"I had been thinking for some years about getting a tattoo using sacred text of some kind. I believe it is the path of the poet to serve as an alchemist of language, so I felt myself drawn as a writer more toward a language-based tattoo rather than a strictly art-based one. I was thumbing through a book by John Stevens entitled Sacred Calligraphy of the East, when I saw the Siddhaṃ letter A, and I knew I had found my tattoo. Siddhaṃ is the name of a script used for writing Sanskrit during the period ca 600-1200 CE, and is descended from Brahmi and Gupta script. Of my particular seed syllable the text states:
'A is the first and most important of the Siddhaṃ characters. It is the source of all vowels and consonants; it includes and is included in every sound produced by human beings. Hence, in both a physical and spiritual sense it is the origin of all elements. It is the seed character of Mahavairocana (Dainichi Nyorai), the supreme Buddha who manifests the unity of all phenomena. A is uncreated, the primordial form of existence.'
I received my tattoo by a young man working at Lovedog Tattoo in Soquel, California in 2000."Eugenia sent us the following poem, which said her "relates best to this tattoo [and] is a poem of transformation, with images that are Buddhist in nature ... previously published in Chiron Review.

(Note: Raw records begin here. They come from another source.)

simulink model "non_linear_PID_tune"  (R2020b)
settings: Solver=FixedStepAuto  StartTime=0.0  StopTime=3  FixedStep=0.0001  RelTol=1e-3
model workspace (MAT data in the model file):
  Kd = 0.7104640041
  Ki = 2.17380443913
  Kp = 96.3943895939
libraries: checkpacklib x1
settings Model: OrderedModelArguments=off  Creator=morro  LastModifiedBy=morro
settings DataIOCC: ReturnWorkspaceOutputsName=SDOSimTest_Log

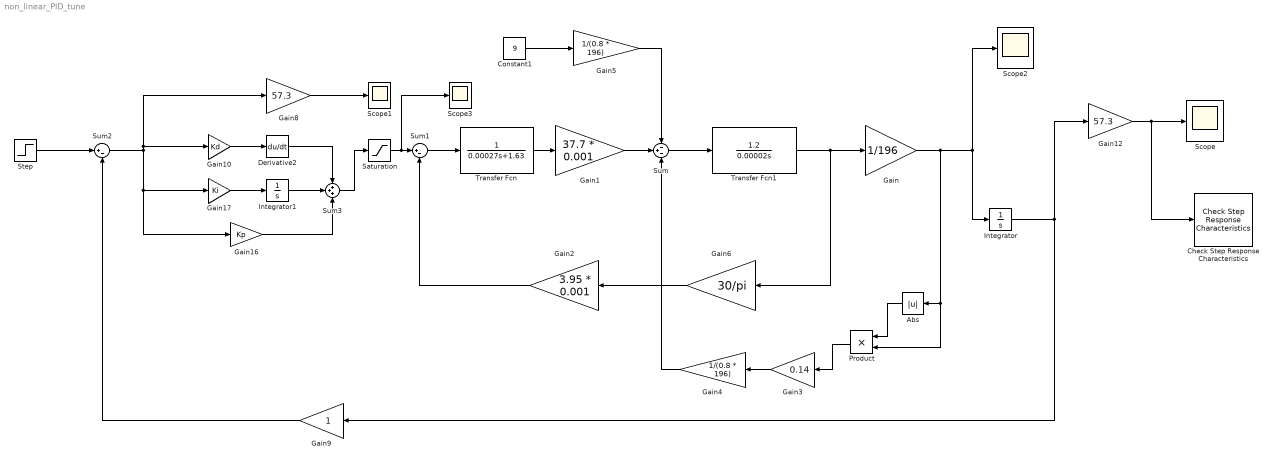
== system non_linear_PID_tune ==
  Abs : Abs
  Check Step Response Characteristics : checkpacklib/Check Step Response  Characteristics  InstantiateOnLoad=on  enabled=off  stopWhenAssertionFail=off  export=off  ViewDlgPos=[]  OpenViewOnLoad=off  LaunchViewOnOpen=off  TimeUnits=seconds  EnableStepResponseBound=on  InitialValue=0  FinalValue=100  StepTime=1  RiseTime=0.6  PercentRise=80  SettlingTime=0.8  PercentSettling=0.9  PercentOvershoot=0.9  PercentUndershoot=2
      settings: SourceProductBaseCode=CT,ID,MT,SO
  Constant1 : Constant  Value=9
  Derivative2 : Derivative
  Gain : Gain  Gain=1/196
  Gain1 : Gain  Gain=37.7 * 0.001
  Gain10 : Gain  Gain=Kd
  Gain12 : Gain  Gain=57.3
  Gain16 : Gain  Gain=Kp
  Gain17 : Gain  Gain=Ki
  Gain2 : Gain  Gain=3.95 * 0.001
  Gain3 : Gain  Gain=0.14
  Gain4 : Gain  Gain=1/(0.8 * 196)
  Gain5 : Gain  Gain=1/(0.8 * 196)
  Gain6 : Gain  Gain=30/pi
  Gain8 : Gain  Gain=57.3
  Gain9 : Gain
  Integrator : Integrator  InitialCondition=1e-7
  Integrator1 : Integrator  InitialCondition=1e-7
  Product : Product
  Saturation : Saturate  UpperLimit=27  LowerLimit=-27
  Scope{,1..3} (4 alike) : Scope
  Step : Step  After=100/57.3  SampleTime=0
  Sum : Sum  Inputs=-+-
  Sum1 : Sum  Inputs=|+-
  Sum2 : Sum  Inputs=|+-
  Sum3 : Sum  Inputs=+++
  Transfer Fcn : TransferFcn  Denominator=[0.00027 1.63]
  Transfer Fcn1 : TransferFcn  Numerator=[1.2]  Denominator=[0.00002 0]
  wires:
  Gain1/1 -> Sum/2
  Constant1/1 -> Gain5/1
  Gain4/1 -> Sum/3
  Product/1 -> Gain3/1
  Abs/1 -> Product/1
  Step/1 -> Sum2/1
  Gain6/1 -> Gain2/1
  Transfer Fcn/1 -> Gain1/1
  Gain2/1 -> Sum1/2
  Transfer Fcn1/1 -> Gain6/1, Gain/1
  Gain5/1 -> Sum/1
  Gain8/1 -> Scope1/1
  Gain12/1 -> Check Step Response Characteristics/1, Scope/1
  Integrator/1 -> Gain9/1, Gain12/1
  Sum/1 -> Transfer Fcn1/1
  Gain9/1 -> Sum2/2
  Gain3/1 -> Gain4/1
  Sum2/1 -> Gain10/1, Gain8/1, Gain16/1, Gain17/1
  Gain/1 -> Product/2, Abs/1, Integrator/1, Scope2/1
  Gain10/1 -> Derivative2/1
  Gain17/1 -> Integrator1/1
  Gain16/1 -> Sum3/3
  Integrator1/1 -> Sum3/2
  Derivative2/1 -> Sum3/1
  Sum1/1 -> Transfer Fcn/1
  Saturation/1 -> Scope3/1, Sum1/1
  Sum3/1 -> Saturation/1
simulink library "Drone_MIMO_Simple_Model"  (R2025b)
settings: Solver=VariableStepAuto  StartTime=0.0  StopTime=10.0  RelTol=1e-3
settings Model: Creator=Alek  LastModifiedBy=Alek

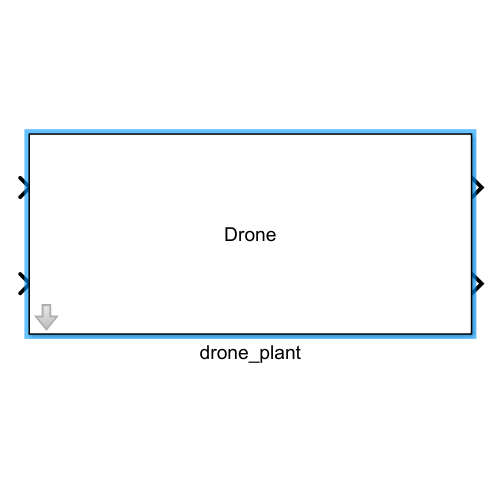
[thumbnail: Simulink's stored preview of the top-level diagram]
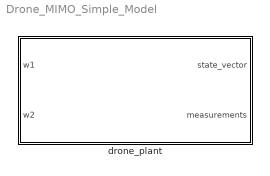
== system Drone_MIMO_Simple_Model ==
  drone_plant : Subsystem  mask{kf=1e-5, m=0.5, l=1e-2, Irod=6.6666e-5}
      mask prompts: kf "Thrust Coefficient"; m "Mass"; l "Arm length"; Irod "Rod Moment Of Intertia"
      mask Display: disp('Drone');

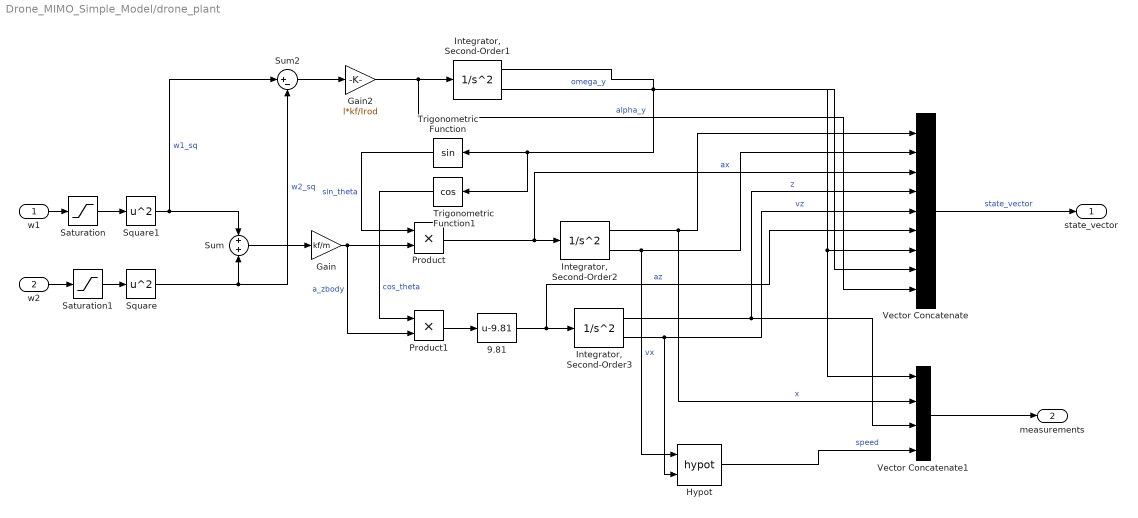
== system Drone_MIMO_Simple_Model/drone_plant ==
  w1 : Inport  OutMin=[0]  PortDimensions=1
  w2 : Inport  Port=2  OutMin=[0]  PortDimensions=1
  9.81 : Bias  Bias=-9.81  SaturateOnIntegerOverflow=off
  Gain : Gain  Gain=kf/m
  Gain2 : Gain  Gain=l*kf/Irod
  Hypot : Math  Operator=hypot
  "Integrator, Second-Order1" : SecondOrderIntegrator
  "Integrator, Second-Order2" : SecondOrderIntegrator  ICX=0
  "Integrator, Second-Order3" : SecondOrderIntegrator  ICX=500  LimitX=on  LowerLimitX=0
  Product : Product
  Product1 : Product
  Saturation : Saturate  UpperLimit=1000  LowerLimit=0
  Saturation1 : Saturate  UpperLimit=1000  LowerLimit=0
  Square : Math  Operator=square
  Square1 : Math  Operator=square
  Sum : Sum  Inputs=+|+
  Sum2 : Sum  Inputs=|+-
  Trigonometric Function : Trigonometry
  Trigonometric Function1 : Trigonometry  Operator=cos
  Vector Concatenate : Concatenate  NumInputs=9
  Vector Concatenate1 : Concatenate  NumInputs=4
  state_vector : Outport
  measurements : Outport  Port=2
  wires:
  Square1/1 -> Sum2/1, Sum/1  "w1_sq"
  9.81/1 -> Vector Concatenate/6, "Integrator, Second-Order3"/1  "az"
  "Integrator, Second-Order1"/1 -> Vector Concatenate1/1, Vector Concatenate/7, Trigonometric Function1/1, Trigonometric Function/1
  "Integrator, Second-Order2"/2 -> Vector Concatenate/2, Hypot/1  "vx"
  Sum/1 -> Gain/1
  Trigonometric Function/1 -> Product/1  "sin_theta"
  Product1/1 -> 9.81/1
  Gain2/1 -> Vector Concatenate/9, "Integrator, Second-Order1"/1  "alpha_y"
  Product/1 -> Vector Concatenate/3, "Integrator, Second-Order2"/1  "ax"
  Square/1 -> Sum2/2, Sum/2  "w2_sq"
  Vector Concatenate1/1 -> measurements/1
  Gain/1 -> Product1/2, Product/2  "a_zbody"
  "Integrator, Second-Order3"/1 -> Vector Concatenate1/3, Vector Concatenate/4  "z"
  Trigonometric Function1/1 -> Product1/1  "cos_theta"
  "Integrator, Second-Order3"/2 -> Hypot/2, Vector Concatenate/5  "vz"
  Hypot/1 -> Vector Concatenate1/4  "speed"
  Sum2/1 -> Gain2/1
  Vector Concatenate/1 -> state_vector/1  "state_vector"
  "Integrator, Second-Order2"/1 -> Vector Concatenate1/2, Vector Concatenate/1  "x"
  "Integrator, Second-Order1"/2 -> Vector Concatenate/8  "omega_y"
  Saturation/1 -> Square1/1
  w1/1 -> Saturation/1
  w2/1 -> Saturation1/1
  Saturation1/1 -> Square/1
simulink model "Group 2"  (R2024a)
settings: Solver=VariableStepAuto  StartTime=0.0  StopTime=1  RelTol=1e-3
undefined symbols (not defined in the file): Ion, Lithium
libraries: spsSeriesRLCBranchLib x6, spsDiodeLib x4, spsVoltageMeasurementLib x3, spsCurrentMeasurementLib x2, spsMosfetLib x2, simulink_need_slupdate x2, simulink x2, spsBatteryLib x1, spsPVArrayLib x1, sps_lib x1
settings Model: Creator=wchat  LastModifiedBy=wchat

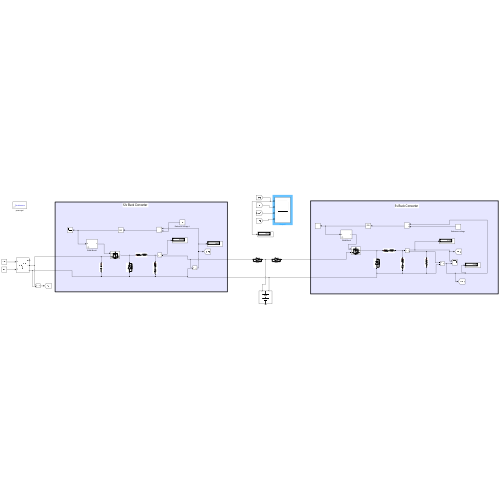
[thumbnail: Simulink's stored preview of the top-level diagram]
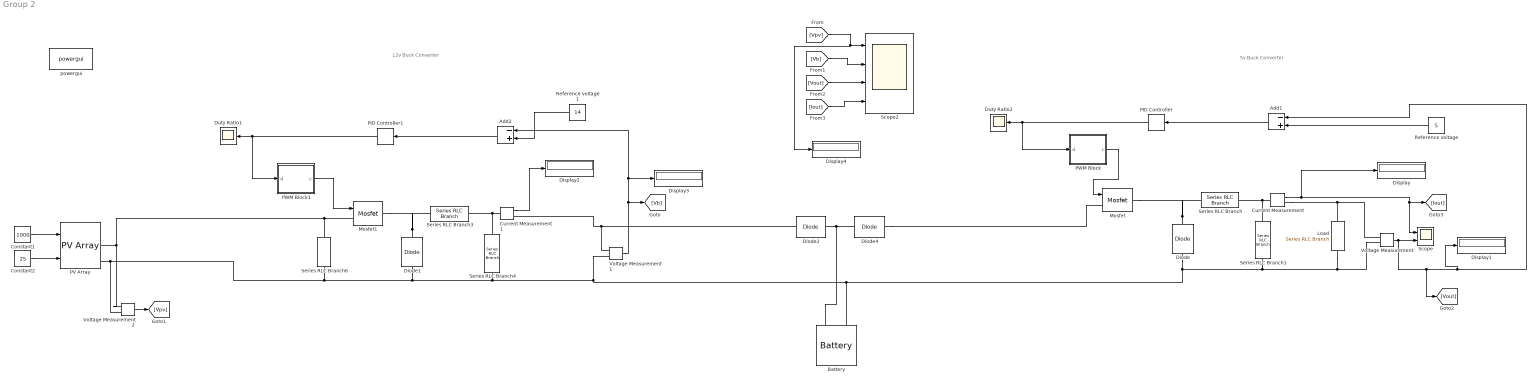
== system Group 2 ==
  note: 5v Buck Converter
  note: 12v Buck Converter
  Add1 : Sum  Inputs=-+
  Add2 : Sum  Inputs=-+
  Battery : spsBatteryLib/Battery  BatType=Lithium-Ion  ShowTempParam=off  ThermalPreset=no  ShowAgeParam=off  NomV=12  NomQ=100  SOC=40  Batt_Tr=30  PresetModel=off  MaxQ=100  MinV=9  FullV=14.4  Dis_rate=1  R=0.6  Normal_OP=90.4348  expZone="[12.9646      4.91304]"  current=[6.5 13 32.5]  Units=Time  Tci=20  NomT=20  T2=-30  MaxQ2=4.8  FullV2=7.1  Normal_OP2=5.655  expZone2="[6.58           1]"  Rca=0.6  ti=2000  Dp=0  Neq0=0  Tsim=1e6  Ta1=25  Qeol=5.4*0.9  Reol=0.013333*1.2  Char_age=[2.3478, 3]  Dis_age=[2.3478, 10]  N1=1500  N2=10500  N3=1000  N4=1400  Ta2=45  N5=950
  Constant1 : Constant  Value=1000
  Constant2 : Constant  Value=25
  Current Measurement : spsCurrentMeasurementLib/Current Measurement  PhasorSimulation=off  OutputType=Complex  PSBequivalent=0
  Current Measurement1 : spsCurrentMeasurementLib/Current Measurement  PhasorSimulation=off  OutputType=Complex  PSBequivalent=0
  Diode{,1..2,4} (4 alike) : spsDiodeLib/Diode  Ron=0.001  Lon=0  Vf=0.8  IC=0  UseSnubber=off  Rs=500  Cs=250e-9  Measurements=off
  Display{,1..4} (5 alike) : Display
  Duty Ratio1 : Scope
  Duty Ratio2 : Scope
  Load : spsSeriesRLCBranchLib/Series RLC Branch  LConnTagsString=__new0  RConnTagsString=__new0  BranchType=R  Resistance=1.67  Inductance=1e-3  SetiL0=off  InitialCurrent=0  Capacitance=1e-6  Setx0=off  InitialVoltage=0  Measurements=Branch voltage and current
  Mosfet : spsMosfetLib/Mosfet  Ron=0.1  Lon=0  Rd=0.01  Vfd=0  IC=0  Rs=1e5  Cs=inf  Measurements=off
  Mosfet1 : spsMosfetLib/Mosfet  Ron=0.1  Lon=0  Rd=0.01  Vfd=0  IC=0  Rs=1e5  Cs=inf  Measurements=off
  PID Controller : simulink_need_slupdate/PID Controller  P=0  I=1000  D=0
  PID Controller1 : simulink_need_slupdate/PID Controller  P=0  I=1000  D=0
  PV Array : spsPVArrayLib/PV Array  Npar=1  Nser=1  PlotType=array @ 1000 W/m2 & specified temperatures  S_vec="[ 1000  500  100 ]"  Temp_C_vec="[ 45 25  ]"  ModuleName=User-defined  PlotWhenSelected=off  Pm=59.94  Ncell=36  Voc=19  Isc=3.9  Vm=18  Im=3.33  beta_Voc_pc=-0.36099  alpha_Isc_pc=0.102  beta_Voc=-0.068588  alpha_Isc=0.003978  IL=3.9  I0=4.248e-10  nI=1.0008  Rsh=63.1583  Rs=0.0821  RobustModel=off  RobustCellTemperature=313.3991  BAL=on  Tc=1e-6  Tfilter=5e-5
  PWM Block : Subsystem  mask{fs=100e3}
      mask prompts: fs "Switching fFrequency"
  PWM Block1 : Subsystem  mask{fs=100e3}
      mask prompts: fs "Switching fFrequency"
  "Reference voltage " : Constant  Value=5
  Reference voltage 1 : Constant  Value=14
  Scope : Scope  NumInputPorts=2
  Scope2 : Scope  NumInputPorts=4
  Series RLC Branch : spsSeriesRLCBranchLib/Series RLC Branch  LConnTagsString=__new0  RConnTagsString=__new0  BranchType=RL  Resistance=80e-3  Inductance=34.5e-6  SetiL0=off  InitialCurrent=0  Capacitance=1e-6  Setx0=off  InitialVoltage=0  Measurements=None
  Series RLC Branch1 : spsSeriesRLCBranchLib/Series RLC Branch  LConnTagsString=__new0  RConnTagsString=__new0  BranchType=RC  Resistance=5e-3  Inductance=1e-3  SetiL0=off  InitialCurrent=0  Capacitance=22.5e-6  Setx0=off  InitialVoltage=0  Measurements=None
  Series RLC Branch3 : spsSeriesRLCBranchLib/Series RLC Branch  LConnTagsString=__new0  RConnTagsString=__new0  BranchType=RL  Resistance=80e-3  Inductance=85e-6  SetiL0=off  InitialCurrent=0  Capacitance=1e-6  Setx0=off  InitialVoltage=0  Measurements=None
  Series RLC Branch4 : spsSeriesRLCBranchLib/Series RLC Branch  LConnTagsString=__new0  RConnTagsString=__new0  BranchType=RC  Resistance=5e-3  Inductance=1e-3  SetiL0=off  InitialCurrent=0  Capacitance=3.75e-6  Setx0=off  InitialVoltage=0  Measurements=None
  Series RLC Branch6 : spsSeriesRLCBranchLib/Series RLC Branch  LConnTagsString=__new0  RConnTagsString=__new0  BranchType=C  Resistance=1.67  Inductance=1e-3  SetiL0=off  InitialCurrent=0  Capacitance=1e-6  Setx0=off  InitialVoltage=0  Measurements=None
  Voltage Measurement : spsVoltageMeasurementLib/Voltage Measurement  PhasorSimulation=off  OutputType=Complex  PSBequivalent=0
  Voltage Measurement1 : spsVoltageMeasurementLib/Voltage Measurement  PhasorSimulation=off  OutputType=Complex  PSBequivalent=0
  Voltage Measurement2 : spsVoltageMeasurementLib/Voltage Measurement  PhasorSimulation=off  OutputType=Complex  PSBequivalent=0
  powergui : sps_lib/powergui  Priority=1  SimulationMode=Continuous  SampleTime=1e-6  frequency=60  Iterations=50  frequencyindice=0  Pbase=100e6  ErrMax=1e-4  UnitsV=kV  UnitsW=MW  buscounter=0  FunctionMessages=off  echomessages=off  EnableUseOfTLC=off  CurrentSourceSwitches=on  DisableSnubberDevices=off  DisableRonSwitches=off  DisableVfSwitches=off  DisplayEquations=off  AutomaticDiscreteSolvers=off  SolverType=Tustin/Backward Euler (TBE)  Interpol=off  ExternalGateDelay=off  methode=off  Ts=0  x0status=blocks  SPID=off  SwTol=0  HookPort=off  NonlinearTolerance=1e-4  nMaxIteration=100  ContinueOnMaxIteration=off  RestoreLinks=warning  ResistiveCurrentMeasurement=off  Frange=[0:2:500]  Ylog=off  Xlog=on  ShowGrid=off  save=off  variable=ZData  structure=tpa14cfcc1_35b5_40eb_8b70_049b43167a68  ZoomFFT=off  StartTime=0.0  cycles=1  DisplayStyle=1  fundamental=60  FreqAxis=off  MaxFrequency=1000  frequencyindicesteady=1  RmsSteady=1  display=off
  wires:
  PID Controller/1 -> PWM Block/1(d), Duty Ratio2/1
  Current Measurement/1 -> Display/1, Scope/1, [Iout]
  Voltage Measurement/1 -> Scope/2, [Vout], Display1/1, Add1/1
  "Reference voltage "/1 -> Add1/2
  PWM Block/1(c) -> Mosfet/1
  Add1/1 -> PID Controller/1
  Reference voltage 1/1 -> Add2/2
  Add2/1 -> PID Controller1/1
  PWM Block1/1(c) -> Mosfet1/1
  PID Controller1/1 -> PWM Block1/1(d), Duty Ratio1/1
  Voltage Measurement1/1 -> [Vb], Add2/1, Display3/1
  Current Measurement1/1 -> Display2/1
  Constant2/1 -> PV Array/2
  Constant1/1 -> PV Array/1
  [Vpv] -> Display4/1, Scope2/1
  [Vb] -> Scope2/2
  [Vout] -> Scope2/3
  [Iout] -> Scope2/4
  Voltage Measurement2/1 -> [Vpv]
  connections:
  Current Measurement/RConn1 -- Voltage Measurement/LConn1 -- Load/LConn1
  Current Measurement/LConn1 -- Series RLC Branch1/LConn1 -- Series RLC Branch/RConn1
  Diode/RConn1 -- Mosfet/RConn1 -- Series RLC Branch/LConn1
  Diode4/RConn1 -- Mosfet/LConn1
  Current Measurement1/LConn1 -- Series RLC Branch4/LConn1 -- Series RLC Branch3/RConn1
  Load/RConn1 -- Voltage Measurement/LConn2 -- Series RLC Branch1/RConn1 -- Diode/LConn1 -- Battery/LConn2 -- Voltage Measurement1/LConn2 -- Diode1/LConn1 -- Series RLC Branch6/RConn1 -- Voltage Measurement2/LConn2 -- PV Array/RConn2 -- Series RLC Branch4/RConn1
  Diode1/RConn1 -- Mosfet1/RConn1 -- Series RLC Branch3/LConn1
  Diode2/LConn1 -- Voltage Measurement1/LConn1 -- Current Measurement1/RConn1
  Mosfet1/LConn1 -- Series RLC Branch6/LConn1 -- Voltage Measurement2/LConn1 -- PV Array/RConn1
  Diode2/RConn1 -- Battery/LConn1 -- Diode4/LConn1

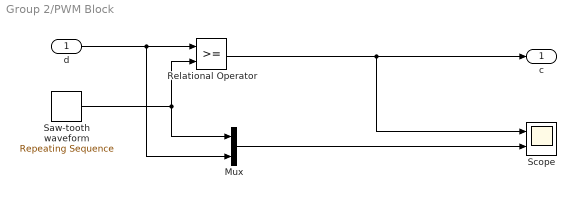
== system Group 2/PWM Block ==
  d : Inport
  Mux : Mux  Inputs=2
  Relational Operator : RelationalOperator  OutDataTypeStr=boolean  InputSameDT=off
  Saw-tooth waveform : simulink/Sources/Repeating Sequence  rep_seq_t=[0 1/fs]  rep_seq_y=[0 1]
  Scope : Scope  NumInputPorts=2
  c : Outport
  wires:
  d/1 -> Mux/2, Relational Operator/1
  Saw-tooth waveform/1 -> Mux/1, Relational Operator/2
  Relational Operator/1 -> c/1, Scope/1
  Mux/1 -> Scope/2

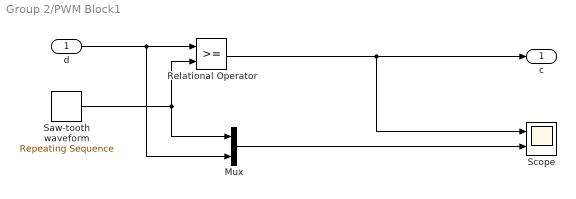
== system Group 2/PWM Block1 ==
  d : Inport
  Mux : Mux  Inputs=2
  Relational Operator : RelationalOperator  OutDataTypeStr=boolean  InputSameDT=off
  Saw-tooth waveform : simulink/Sources/Repeating Sequence  rep_seq_t=[0 1/fs]  rep_seq_y=[0 1]
  Scope : Scope  NumInputPorts=2
  c : Outport
  wires:
  d/1 -> Mux/2, Relational Operator/1
  Saw-tooth waveform/1 -> Mux/1, Relational Operator/2
  Relational Operator/1 -> c/1, Scope/1
  Mux/1 -> Scope/2

I used to believe I was worthless
repeated mantras to turn my blood black
my skin lusterless
I came to believe in darkness
the tumbling down to truth
a silver pearl at the center of each battered heart
I wanted to believe in one God
the great returning after death
I still believe the world is round
a black hole
denser than Pound’s Cantos
too heavy for its own fortunes
I watch the stars grow heavy with light
multiply into twos and fours
a million butter lamps spilling over
golden fish throw their marks
across a thousand seas
gilding stagnant pools in their wake
magpies gather on moonlit nights
chanting their secret
a lotus blossom blooms in the mire
pulling itself from Cimmerian darkness
into the shing of this pendent world
*“Shing”: Tibetan for “field,” “good place,” or “realm,” and sometimes refers to a Buddha’s paradise.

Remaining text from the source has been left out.